A total of 22 patients enrolled in the Phase 2a portion of the
study, including 12 classified as non-transfused (NTD) and 10
classified as LTB. Of the 22 patients enrolled in Phase 2a, 19
patients elected to continue to the extension period. Agios intends
to complete a full evaluation of the Phase 2a data and assess the
impact on the Phase 2b portion of the protocol, and present results
of the Phase 2a portion of the study at a medical meeting in
2024.
Phase 2a Design The open-label,
proof-of-concept, Phase 2a portion of the study was designed to
evaluate the safety and efficacy of AG-946 in adults with anemia
due to lower-risk MDS. Patients with a documented diagnosis of MDS
were eligible for the study if they met the Revised International
Prognostic Scoring System (IPSS-R) classification of lower-risk
disease (risk score: ≤3.5) and <5% blasts, as determined by the
participant’s bone marrow biopsy/aspirate during the screening
period, and if their hemoglobin concentration measured <11.0
g/dL during the 4-week screening period. Participants were
classified as non-transfused (NTD) if they had received <3 red
blood cell (RBC) units in the 16-week period before administration
of the first dose of study drug and no transfusions in the 8-week
period before administration of the first dose of study drug, or
low transfusion burden (LTB) if they had received 3 to 7 RBC units
in the 16-week period before administration of the first dose of
study drug and <4 RBC units in the 8-week period before
administration of the first dose of study drug. Participants with a
high transfusion burden were not eligible for the Phase 2a portion
of the study.
Participants received 5mg of oral AG-946 once daily for up to 16
weeks in the core period. At the discretion of the investigator,
participants who completed the core period of the study are
eligible to receive the same dose in an extension period for up to
156 weeks.
The two primary endpoints of the study were transfusion
independence (for participants classified as LTB), defined as
transfusion-free for ≥8 consecutive weeks during the core period,
and hemoglobin response, defined as a ≥1.5 g/dL increase from
baseline in the average hemoglobin concentration from Week 8
through Week 16.
Next month, Agios and its collaborators are presenting
preclinical data supporting its MDS clinical development program –
as well as additional data across the company’s additional
therapeutic areas of focus, including PK deficiency, thalassemia
and sickle cell disease – at the American Society of Hematology
(ASH) Annual Meeting, which is being held December 9-12, 2023, in
San Diego.
About AgiosAgios is the pioneering leader in PK
activation and is dedicated to developing and delivering
transformative therapies for patients living with rare diseases. In
the U.S., Agios markets a first-in-class pyruvate kinase (PK)

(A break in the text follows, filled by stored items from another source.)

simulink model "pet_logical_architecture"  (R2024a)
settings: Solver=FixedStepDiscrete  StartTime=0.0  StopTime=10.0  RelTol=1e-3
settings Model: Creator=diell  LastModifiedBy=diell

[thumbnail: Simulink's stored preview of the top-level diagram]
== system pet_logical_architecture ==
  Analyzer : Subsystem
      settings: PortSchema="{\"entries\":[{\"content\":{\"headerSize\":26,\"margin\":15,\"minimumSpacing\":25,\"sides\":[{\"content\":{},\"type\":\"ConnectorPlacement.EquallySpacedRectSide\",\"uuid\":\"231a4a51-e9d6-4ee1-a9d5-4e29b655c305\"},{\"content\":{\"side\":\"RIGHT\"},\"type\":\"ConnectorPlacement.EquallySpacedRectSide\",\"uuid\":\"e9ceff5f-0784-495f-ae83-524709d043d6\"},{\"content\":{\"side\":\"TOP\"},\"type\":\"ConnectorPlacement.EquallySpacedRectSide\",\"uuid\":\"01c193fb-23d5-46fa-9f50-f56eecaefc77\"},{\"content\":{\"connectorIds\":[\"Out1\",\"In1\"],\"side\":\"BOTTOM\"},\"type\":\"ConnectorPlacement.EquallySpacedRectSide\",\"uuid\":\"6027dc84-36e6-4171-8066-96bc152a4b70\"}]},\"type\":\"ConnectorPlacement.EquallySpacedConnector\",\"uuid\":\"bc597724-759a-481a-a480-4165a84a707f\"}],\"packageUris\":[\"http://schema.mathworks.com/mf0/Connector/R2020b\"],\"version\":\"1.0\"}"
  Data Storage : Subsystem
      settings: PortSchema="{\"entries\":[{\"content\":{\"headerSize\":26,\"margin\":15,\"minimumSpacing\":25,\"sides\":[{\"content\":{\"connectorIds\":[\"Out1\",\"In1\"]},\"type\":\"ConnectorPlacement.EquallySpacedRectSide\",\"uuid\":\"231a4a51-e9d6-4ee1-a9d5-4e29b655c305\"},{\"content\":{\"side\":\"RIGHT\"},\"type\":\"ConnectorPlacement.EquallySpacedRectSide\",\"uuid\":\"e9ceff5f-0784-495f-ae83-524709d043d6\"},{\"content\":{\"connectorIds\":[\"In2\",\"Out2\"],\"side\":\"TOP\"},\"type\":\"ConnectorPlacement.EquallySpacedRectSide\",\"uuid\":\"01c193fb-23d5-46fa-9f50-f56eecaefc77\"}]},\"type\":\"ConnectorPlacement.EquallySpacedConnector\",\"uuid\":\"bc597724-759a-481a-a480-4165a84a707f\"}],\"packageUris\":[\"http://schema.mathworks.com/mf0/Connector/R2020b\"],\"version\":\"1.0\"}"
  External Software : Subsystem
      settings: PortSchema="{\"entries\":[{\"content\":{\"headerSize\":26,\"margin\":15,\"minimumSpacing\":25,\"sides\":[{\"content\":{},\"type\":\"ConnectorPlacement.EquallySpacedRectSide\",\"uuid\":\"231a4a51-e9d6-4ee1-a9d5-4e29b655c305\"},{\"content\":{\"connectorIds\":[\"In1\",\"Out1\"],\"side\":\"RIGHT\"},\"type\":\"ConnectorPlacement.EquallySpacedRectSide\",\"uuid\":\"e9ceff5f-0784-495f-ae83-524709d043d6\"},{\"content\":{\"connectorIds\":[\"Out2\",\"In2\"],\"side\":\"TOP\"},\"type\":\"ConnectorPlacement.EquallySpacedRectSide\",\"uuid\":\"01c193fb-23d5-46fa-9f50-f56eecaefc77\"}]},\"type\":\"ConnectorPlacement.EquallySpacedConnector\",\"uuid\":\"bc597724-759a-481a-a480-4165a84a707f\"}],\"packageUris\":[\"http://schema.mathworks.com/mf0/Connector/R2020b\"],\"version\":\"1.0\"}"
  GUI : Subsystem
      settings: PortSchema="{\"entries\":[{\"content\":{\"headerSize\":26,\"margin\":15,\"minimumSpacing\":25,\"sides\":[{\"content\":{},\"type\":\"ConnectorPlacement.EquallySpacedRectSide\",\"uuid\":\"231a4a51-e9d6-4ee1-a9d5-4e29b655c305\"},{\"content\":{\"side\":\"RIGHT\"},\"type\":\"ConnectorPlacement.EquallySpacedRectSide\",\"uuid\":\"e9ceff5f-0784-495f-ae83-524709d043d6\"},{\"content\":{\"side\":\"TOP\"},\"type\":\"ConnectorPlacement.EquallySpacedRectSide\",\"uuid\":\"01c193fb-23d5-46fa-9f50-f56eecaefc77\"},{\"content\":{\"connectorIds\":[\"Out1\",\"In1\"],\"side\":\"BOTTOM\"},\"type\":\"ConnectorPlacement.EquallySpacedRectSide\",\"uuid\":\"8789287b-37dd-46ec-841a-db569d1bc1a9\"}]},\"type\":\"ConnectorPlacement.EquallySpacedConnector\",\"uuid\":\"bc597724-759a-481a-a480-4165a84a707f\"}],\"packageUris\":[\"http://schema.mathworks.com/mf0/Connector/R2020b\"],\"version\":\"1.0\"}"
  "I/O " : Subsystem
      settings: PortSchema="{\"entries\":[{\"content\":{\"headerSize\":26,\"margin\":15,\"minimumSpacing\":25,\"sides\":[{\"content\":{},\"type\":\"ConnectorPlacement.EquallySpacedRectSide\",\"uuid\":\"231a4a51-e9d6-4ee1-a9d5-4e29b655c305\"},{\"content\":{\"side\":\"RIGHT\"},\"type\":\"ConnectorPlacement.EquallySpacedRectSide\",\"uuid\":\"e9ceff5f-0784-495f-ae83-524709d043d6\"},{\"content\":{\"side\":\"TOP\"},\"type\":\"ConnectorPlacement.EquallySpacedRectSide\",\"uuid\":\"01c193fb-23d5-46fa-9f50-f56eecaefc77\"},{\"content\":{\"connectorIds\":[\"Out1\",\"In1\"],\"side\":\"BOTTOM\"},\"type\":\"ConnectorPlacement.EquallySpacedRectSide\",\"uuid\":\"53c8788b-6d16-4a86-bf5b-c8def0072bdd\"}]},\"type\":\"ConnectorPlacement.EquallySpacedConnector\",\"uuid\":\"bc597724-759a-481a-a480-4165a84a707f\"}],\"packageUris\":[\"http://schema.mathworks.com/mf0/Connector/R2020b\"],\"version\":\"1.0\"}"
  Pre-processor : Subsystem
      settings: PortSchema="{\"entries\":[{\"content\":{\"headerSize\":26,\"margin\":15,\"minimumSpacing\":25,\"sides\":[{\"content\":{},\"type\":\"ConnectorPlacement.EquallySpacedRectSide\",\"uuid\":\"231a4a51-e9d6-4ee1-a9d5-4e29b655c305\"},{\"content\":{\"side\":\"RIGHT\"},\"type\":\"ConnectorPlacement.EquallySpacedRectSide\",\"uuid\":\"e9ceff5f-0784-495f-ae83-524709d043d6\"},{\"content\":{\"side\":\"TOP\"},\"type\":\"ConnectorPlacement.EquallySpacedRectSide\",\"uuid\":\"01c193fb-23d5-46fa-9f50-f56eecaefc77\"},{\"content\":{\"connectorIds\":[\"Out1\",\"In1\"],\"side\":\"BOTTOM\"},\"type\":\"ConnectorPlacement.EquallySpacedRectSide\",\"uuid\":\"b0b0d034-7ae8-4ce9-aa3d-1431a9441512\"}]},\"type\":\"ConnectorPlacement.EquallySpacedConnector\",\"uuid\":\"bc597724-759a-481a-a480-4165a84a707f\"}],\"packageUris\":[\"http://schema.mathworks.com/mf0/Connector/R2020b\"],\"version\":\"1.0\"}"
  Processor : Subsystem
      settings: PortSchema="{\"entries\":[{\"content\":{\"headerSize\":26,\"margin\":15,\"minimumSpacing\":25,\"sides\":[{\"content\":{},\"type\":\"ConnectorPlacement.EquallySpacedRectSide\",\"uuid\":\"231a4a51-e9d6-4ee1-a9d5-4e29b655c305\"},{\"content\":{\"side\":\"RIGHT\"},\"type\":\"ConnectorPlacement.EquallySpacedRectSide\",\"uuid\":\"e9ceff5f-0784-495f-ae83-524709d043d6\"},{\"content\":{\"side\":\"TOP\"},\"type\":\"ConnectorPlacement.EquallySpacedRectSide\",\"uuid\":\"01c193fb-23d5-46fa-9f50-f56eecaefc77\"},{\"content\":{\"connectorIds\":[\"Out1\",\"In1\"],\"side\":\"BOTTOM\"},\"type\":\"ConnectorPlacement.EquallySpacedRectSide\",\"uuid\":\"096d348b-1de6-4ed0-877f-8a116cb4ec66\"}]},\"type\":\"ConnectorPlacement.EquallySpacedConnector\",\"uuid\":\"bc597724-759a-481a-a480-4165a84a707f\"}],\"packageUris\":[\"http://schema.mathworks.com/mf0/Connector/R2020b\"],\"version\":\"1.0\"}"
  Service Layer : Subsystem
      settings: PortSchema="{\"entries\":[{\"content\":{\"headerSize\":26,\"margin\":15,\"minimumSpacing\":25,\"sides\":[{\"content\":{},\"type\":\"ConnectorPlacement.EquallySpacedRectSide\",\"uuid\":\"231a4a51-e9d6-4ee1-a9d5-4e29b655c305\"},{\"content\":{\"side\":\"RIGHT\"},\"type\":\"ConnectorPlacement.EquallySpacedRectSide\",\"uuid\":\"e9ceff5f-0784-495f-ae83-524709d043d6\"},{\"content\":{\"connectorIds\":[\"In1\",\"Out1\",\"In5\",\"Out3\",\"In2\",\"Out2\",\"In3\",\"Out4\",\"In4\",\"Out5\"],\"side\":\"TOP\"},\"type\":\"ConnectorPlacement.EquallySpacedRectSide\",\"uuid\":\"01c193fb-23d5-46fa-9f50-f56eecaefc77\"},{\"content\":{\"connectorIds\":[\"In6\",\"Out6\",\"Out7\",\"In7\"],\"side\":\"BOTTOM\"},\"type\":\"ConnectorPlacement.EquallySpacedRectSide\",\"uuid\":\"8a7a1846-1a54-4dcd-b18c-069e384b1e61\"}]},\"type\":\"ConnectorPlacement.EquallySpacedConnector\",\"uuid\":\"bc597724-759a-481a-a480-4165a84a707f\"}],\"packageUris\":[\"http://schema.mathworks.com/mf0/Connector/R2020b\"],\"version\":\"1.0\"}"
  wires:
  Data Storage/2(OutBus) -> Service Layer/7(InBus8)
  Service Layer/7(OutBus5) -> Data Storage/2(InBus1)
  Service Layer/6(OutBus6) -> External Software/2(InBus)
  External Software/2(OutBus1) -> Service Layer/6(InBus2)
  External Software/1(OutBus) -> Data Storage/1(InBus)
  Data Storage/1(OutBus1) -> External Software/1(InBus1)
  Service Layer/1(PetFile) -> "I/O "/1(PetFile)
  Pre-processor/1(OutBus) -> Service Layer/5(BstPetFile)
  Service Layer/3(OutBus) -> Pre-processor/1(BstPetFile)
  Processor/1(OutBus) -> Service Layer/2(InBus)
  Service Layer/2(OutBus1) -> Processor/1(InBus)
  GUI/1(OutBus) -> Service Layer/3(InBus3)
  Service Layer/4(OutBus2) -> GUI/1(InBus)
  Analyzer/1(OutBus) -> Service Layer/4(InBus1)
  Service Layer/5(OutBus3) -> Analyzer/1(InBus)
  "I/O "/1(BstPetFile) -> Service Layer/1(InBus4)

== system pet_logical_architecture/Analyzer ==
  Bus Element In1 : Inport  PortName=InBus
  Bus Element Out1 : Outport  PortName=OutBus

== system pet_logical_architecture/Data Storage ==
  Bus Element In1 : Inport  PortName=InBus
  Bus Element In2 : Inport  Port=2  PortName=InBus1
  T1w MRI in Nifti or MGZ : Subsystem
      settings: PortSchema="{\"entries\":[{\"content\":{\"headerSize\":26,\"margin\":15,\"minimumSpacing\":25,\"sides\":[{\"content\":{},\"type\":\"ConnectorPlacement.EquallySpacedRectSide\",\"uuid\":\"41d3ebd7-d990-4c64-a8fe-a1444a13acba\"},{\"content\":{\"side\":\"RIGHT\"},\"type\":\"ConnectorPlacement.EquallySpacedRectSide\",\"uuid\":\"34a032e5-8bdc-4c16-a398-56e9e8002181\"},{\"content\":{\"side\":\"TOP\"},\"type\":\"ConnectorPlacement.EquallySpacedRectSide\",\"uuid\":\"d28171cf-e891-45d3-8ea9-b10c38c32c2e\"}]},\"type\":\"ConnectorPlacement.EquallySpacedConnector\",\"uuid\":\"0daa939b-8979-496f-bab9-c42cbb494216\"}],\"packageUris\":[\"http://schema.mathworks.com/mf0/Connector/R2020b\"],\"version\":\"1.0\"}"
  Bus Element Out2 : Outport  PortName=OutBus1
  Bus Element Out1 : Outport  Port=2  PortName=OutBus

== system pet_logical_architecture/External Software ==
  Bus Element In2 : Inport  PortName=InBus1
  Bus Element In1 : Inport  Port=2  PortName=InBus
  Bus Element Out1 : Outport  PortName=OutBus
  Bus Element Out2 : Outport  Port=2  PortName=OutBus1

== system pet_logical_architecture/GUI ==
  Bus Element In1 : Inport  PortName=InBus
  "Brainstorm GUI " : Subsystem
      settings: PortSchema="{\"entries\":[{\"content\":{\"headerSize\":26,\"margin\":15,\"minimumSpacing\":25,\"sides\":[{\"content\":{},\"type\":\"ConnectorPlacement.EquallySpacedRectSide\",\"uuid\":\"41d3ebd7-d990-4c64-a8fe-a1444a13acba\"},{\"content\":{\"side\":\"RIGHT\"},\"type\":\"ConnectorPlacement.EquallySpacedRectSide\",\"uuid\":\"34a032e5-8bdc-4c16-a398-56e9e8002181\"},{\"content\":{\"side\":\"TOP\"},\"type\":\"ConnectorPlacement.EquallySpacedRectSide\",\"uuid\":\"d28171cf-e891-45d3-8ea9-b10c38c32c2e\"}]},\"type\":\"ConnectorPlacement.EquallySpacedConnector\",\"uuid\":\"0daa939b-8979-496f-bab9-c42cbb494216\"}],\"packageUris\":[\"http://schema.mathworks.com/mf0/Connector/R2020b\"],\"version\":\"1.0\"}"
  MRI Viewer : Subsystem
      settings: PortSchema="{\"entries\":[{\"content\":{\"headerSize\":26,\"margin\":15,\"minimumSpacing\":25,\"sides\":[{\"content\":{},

activator for adults with PK deficiency, the first
disease-modifying therapy for this rare, lifelong, debilitating
hemolytic anemia. Building on the company's deep scientific
expertise in classical hematology and leadership in the field of
cellular metabolism and rare hematologic diseases, Agios is
advancing a robust clinical pipeline of investigational medicines
with programs in alpha- and beta-thalassemia, sickle cell disease,
pediatric PK deficiency and MDS-associated anemia. In addition to
its clinical pipeline, Agios is advancing a preclinical TMPRSS6
siRNA as a potential treatment for polycythemia vera, and a
preclinical PAH stabilizer as a potential treatment for
phenylketonuria (PKU). For more information, please visit the
company’s website at www.agios.com.
Note Regarding Forward-Looking Statements This
press release contains forward-looking statements within the
meaning of The Private Securities Litigation Reform Act of 1995.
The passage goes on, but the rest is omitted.